I've been developing a small program that allows you to plot vertices in a graph and compute the shortest path between all of them. i.e. solves the Travelling Salesman Problem. I've programmed in the Simulated Annealing algorithm and the 2-opt algorithm. The problem I'm facing is that the results I get by using SA+2opt aren't any better than regular 2opt.
For the initial temperature, I use the average of the length of each edge in the random initial path I create, to be more invariant against rescaling.
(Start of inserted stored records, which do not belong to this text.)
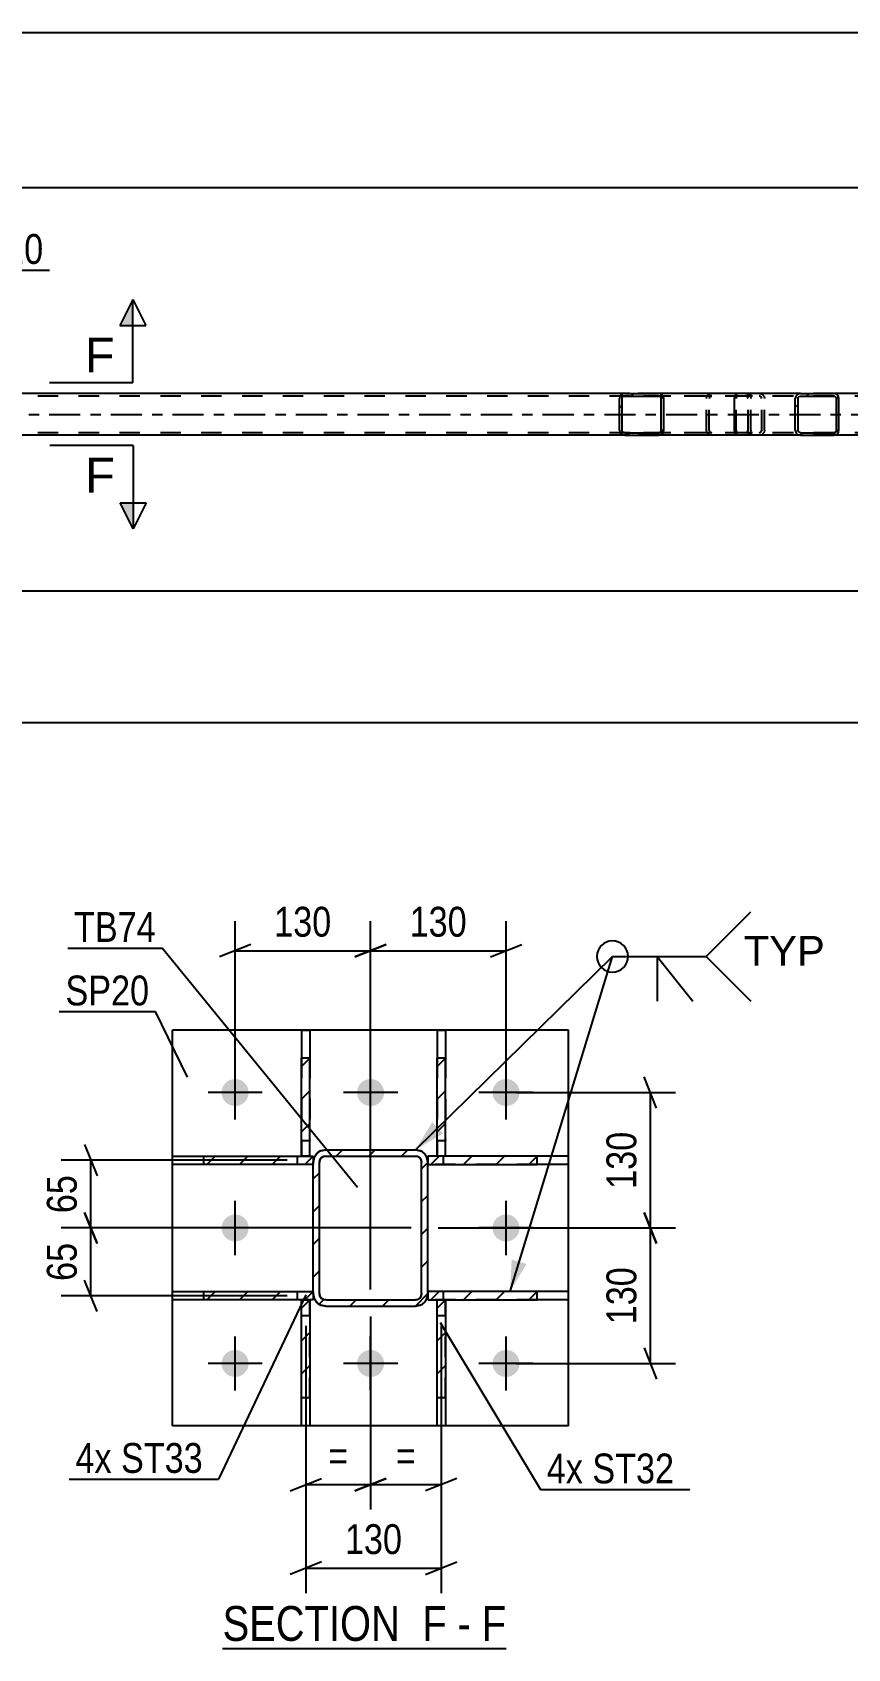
# Model space of a CAD drawing. Header units: millimetres. Extents: x 0 to 841, y 0 to 594.
# Drawn here: x 269.9 to 348.2, y 91.4 to 246.5 of the extents above; entities that cross this region are included whole.
import ezdxf

# ---------------------------------------------------------------- set-up
doc = ezdxf.new("R2010")
doc.units = ezdxf.units.MM
doc.linetypes.add('DXK_LINE_DOT2', pattern=[3.9198, 1.9599, -1.9599])
doc.linetypes.add('DXK_LINE_DOT3', pattern=[5.9187, 2.979, -0.9799, 0.9799, -0.9799])
doc.styles.add('Arial', font='ARIAL.TTF', dxfattribs={"height": 0.2})
doc.styles.add('Arial Narrow', font='ARIALN.TTF', dxfattribs={"height": 0.2})

# ---------------------------------------------------------------- blocks, each defined once
blk = doc.blocks.new('Unknown-122570622-17 - 3462')
at = {"color": 6, "linetype": 'Continuous'}
blk.add_line((288.17, 91.43), (315.39, 91.43), dxfattribs=at)
at = {"color": 0, "linetype": 'Continuous'}
for points in [[(306.28, 92.18), (306.28, 95.68), (288.17, 95.68), (288.17, 92.18)], [(309.67, 92.18), (309.67, 95.68), (307.33, 95.68), (307.33, 92.18)], [(311.99, 92.18), (311.99, 95.68), (310.72, 95.68), (310.72, 92.18)], [(315.39, 92.18), (315.39, 95.68), (313.04, 95.68), (313.04, 92.18)]]:
    blk.add_wipeout(points, dxfattribs=at)
at = {"color": 7, "linetype": 'Continuous', "style": 'Arial Narrow'}
for s, p in [('SECTION ', (288.17, 92.18)), ('F', (307.33, 92.18)), ('F', (313.04, 92.18)), ('-', (310.72, 92.18))]:
    blk.add_text(s, height=3.34, dxfattribs=at).set_placement(p)
blk = doc.blocks.new('Part-122570622-7239 - 7169')
at = {"linetype": 'Continuous'}
h = blk.add_hatch(dxfattribs=at)
h.set_pattern_fill('', scale=0.7, style=0, pattern_type=0)
h.set_pattern_definition([(45, (330.468, 211.5793), (-1.57154, 1.57154), [])])
h.paths.add_polyline_path([(330.51, 211.4), (330.47, 211.58), (330.36, 211.73), (330.19, 211.84), (330, 211.88), (326.76, 211.88), (326.57, 211.84), (326.4, 211.73), (326.29, 211.58), (326.25, 211.4), (326.25, 208.36), (326.29, 208.17), (326.4, 208.02), (326.57, 207.91), (326.76, 207.88), (330, 207.88), (330.19, 207.91), (330.36, 208.02), (330.47, 208.17), (330.51, 208.36)])
h.paths.add_polyline_path([(330.23, 208.26), (330.18, 208.19), (330.09, 208.13), (330, 208.12), (326.76, 208.12), (326.66, 208.13), (326.58, 208.19), (326.52, 208.26), (326.51, 208.36), (326.51, 211.4), (326.52, 211.49), (326.58, 211.57), (326.66, 211.62), (326.76, 211.64), (330, 211.64), (330.09, 211.62), (330.18, 211.57), (330.23, 211.49), (330.25, 211.4), (330.25, 208.36)])
at = {"color": 2, "linetype": 'Continuous'}
for p, q in [((326.29, 211.58), (326.25, 211.4)), ((326.25, 208.36), (326.25, 211.4)), ((326.51, 211.4), (326.52, 211.49)), ((326.51, 208.36), (326.51, 211.4)), ((326.52, 211.49), (326.58, 211.57)), ((326.76, 211.88), (326.57, 211.84)), ((326.58, 211.57), (326.66, 211.62)), ((326.66, 211.62), (326.76, 211.64)), ((326.76, 211.88), (330, 211.88)), ((326.76, 211.64), (330, 211.64)), ((337.58, 211.88), (330, 211.88)), ((330.19, 211.84), (330, 211.88)), ((330, 211.64), (330.09, 211.62)), ((330.09, 211.62), (330.18, 211.57)), ((330.18, 211.57), (330.23, 211.49)), ((330.23, 211.49), (330.25, 211.4)), ((330.25, 208.36), (330.25, 211.4)), ((330.51, 211.4), (330.47, 211.58)), ((330.51, 208.36), (330.51, 211.4)), ((326.25, 208.36), (326.29, 208.17)), ((326.52, 208.26), (326.51, 208.36)), ((326.58, 208.19), (326.52, 208.26)), ((326.57, 207.91), (326.76, 207.88)), ((326.66, 208.13), (326.58, 208.19)), ((326.76, 208.12), (326.66, 208.13)), ((326.76, 208.12), (330, 208.12)), ((326.76, 207.88), (330, 207.88)), ((330.09, 208.13), (330, 208.12)), ((330, 207.88), (330.19, 207.91)), ((337.58, 207.88), (330, 207.88)), ((330.18, 208.19), (330.09, 208.13)), ((330.23, 208.26), (330.18, 208.19)), ((330.25, 208.36), (330.23, 208.26)), ((330.47, 208.17), (330.51, 208.36))]:
    blk.add_line(p, q, dxfattribs=at)
at = {"color": 7, "linetype": 'DXK_LINE_DOT2'}
for p, q in [((330, 211.88), (326.76, 211.88)), ((338.35, 211.64), (326.76, 211.64)), ((334.6, 211.4), (334.64, 211.58)), ((334.6, 208.36), (334.6, 211.4)), ((334.87, 211.49), (334.85, 211.4)), ((334.85, 208.36), (334.85, 211.4)), ((334.93, 211.57), (334.87, 211.49)), ((334.91, 211.84), (335.11, 211.88)), ((334.93, 211.57), (334.95, 211.58)), ((334.95, 211.58), (335.01, 211.62)), ((335.01, 211.62), (335.11, 211.64)), ((338.35, 211.88), (337.58, 211.88)), ((338.35, 211.88), (338.54, 211.84)), ((338.44, 211.62), (338.35, 211.64)), ((338.53, 211.57), (338.44, 211.62)), ((338.58, 211.49), (338.53, 211.57)), ((338.6, 211.4), (338.58, 211.49)), ((338.6, 208.36), (338.6, 211.4)), ((338.82, 211.58), (338.86, 211.4)), ((338.86, 208.36), (338.86, 211.4)), ((338.35, 208.12), (326.76, 208.12)), ((330, 207.88), (326.76, 207.88)), ((334.64, 208.17), (334.6, 208.36)), ((334.85, 208.36), (334.87, 208.26)), ((334.87, 208.26), (334.93, 208.19)), ((335.11, 207.88), (334.91, 207.91)), ((334.93, 208.19), (334.95, 208.17)), ((334.95, 208.17), (335.01, 208.13)), ((335.01, 208.13), (335.11, 208.12)), ((338.35, 207.88), (337.58, 207.88)), ((338.35, 208.12), (338.44, 208.13)), ((338.54, 207.91), (338.35, 207.88)), ((338.44, 208.13), (338.53, 208.19)), ((338.53, 208.19), (338.58, 208.26)), ((338.58, 208.26), (338.6, 208.36)), ((338.86, 208.36), (338.82, 208.17))]:
    blk.add_line(p, q, dxfattribs=at)
at = {"color": 2, "linetype": 'Continuous'}
for centre, start, end in [((326.74, 211.37), 110.7583, 155.68), ((330.02, 211.37), 24.32, 69.2417), ((326.74, 208.38), 204.32, 249.2417), ((330.02, 208.38), 290.7583, 335.68)]:
    blk.add_arc(centre, 0.496, start, end, dxfattribs=at)
at = {"color": 7, "linetype": 'DXK_LINE_DOT2'}
for centre, start, end in [((335.09, 211.37), 110.7583, 155.68), ((338.36, 211.37), 24.32, 69.2417), ((335.09, 208.38), 204.32, 249.2417), ((338.36, 208.38), 290.7583, 335.68)]:
    blk.add_arc(centre, 0.496, start, end, dxfattribs=at)
blk = doc.blocks.new('Part-122570622-7320 - 7169')
at = {"color": 7, "linetype": 'DXK_LINE_DOT2'}
for p, q in [((774.13, 211.64), (111.73, 211.64)), ((346.82, 211.88), (326.76, 211.88)), ((774.13, 208.12), (111.73, 208.12)), ((346.82, 207.88), (326.76, 207.88))]:
    blk.add_line(p, q, dxfattribs=at)
at = {"color": 2, "linetype": 'Continuous'}
for p, q in [((326.76, 211.88), (261.69, 211.88)), ((411.9, 211.88), (346.82, 211.88)), ((326.76, 207.88), (261.69, 207.88)), ((411.9, 207.88), (346.82, 207.88))]:
    blk.add_line(p, q, dxfattribs=at)
at = {"color": 7, "linetype": 'DXK_LINE_DOT3'}
blk.add_line((111.73, 209.88), (774.13, 209.88), dxfattribs=at)
blk = doc.blocks.new('Part-122570622-7378 - 7169')
at = {"linetype": 'Continuous'}
h = blk.add_hatch(dxfattribs=at)
h.set_pattern_fill('', scale=0.7, style=0, pattern_type=0)
h.set_pattern_definition([(45, (347.286, 211.5793), (-1.57154, 1.57154), [])])
h.paths.add_polyline_path([(347.32, 211.4), (347.29, 211.58), (347.18, 211.73), (347.01, 211.84), (346.82, 211.88), (343.64, 211.88), (343.44, 211.84), (343.28, 211.73), (343.17, 211.58), (343.13, 211.4), (343.13, 208.36), (343.17, 208.17), (343.28, 208.02), (343.44, 207.91), (343.64, 207.88), (346.82, 207.88), (347.01, 207.91), (347.18, 208.02), (347.29, 208.17), (347.32, 208.36)])
h.paths.add_polyline_path([(347.05, 208.26), (347, 208.19), (346.92, 208.13), (346.82, 208.12), (343.64, 208.12), (343.54, 208.13), (343.46, 208.19), (343.41, 208.26), (343.39, 208.36), (343.39, 211.4), (343.41, 211.49), (343.46, 211.57), (343.54, 211.62), (343.64, 211.64), (346.82, 211.64), (346.92, 211.62), (347, 211.57), (347.05, 211.49), (347.07, 211.4), (347.07, 208.36)])
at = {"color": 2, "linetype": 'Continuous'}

For the cooling rate, I make it inversely proportional to the number of vertices.
unsigned int dummy_int;
for (unsigned int i = 0; i < N; i++) {
dummy_int = rand() % (N - i);
TSPperm.push_back(vertexset[dummy_int]);
vertexset.erase(vertexset.begin() + dummy_int);
}
vertexset = ID_PERM;
TSPvalue = 0;
for (unsigned int i = 0; i < N; i++) {
TSPvalue += gra.get_weight(TSPperm[i], TSPperm[(i + 1) % N]);
}
tempmax = TSPvalue / N; //Scales temperature to be proportional to the average length of the graph's edges
temp = tempmax;
alpha = exp(-1 / (50 * double(N)));
At each step of the algorithm, I change the target temperature to be proportional to the average edge length of the path I currently have. This is because the edges I have as time passes are much shorter than the edges I have at first. I use the 2-opt swap to obtain neighbour paths and exp(difference/temp) for the acceptance probability.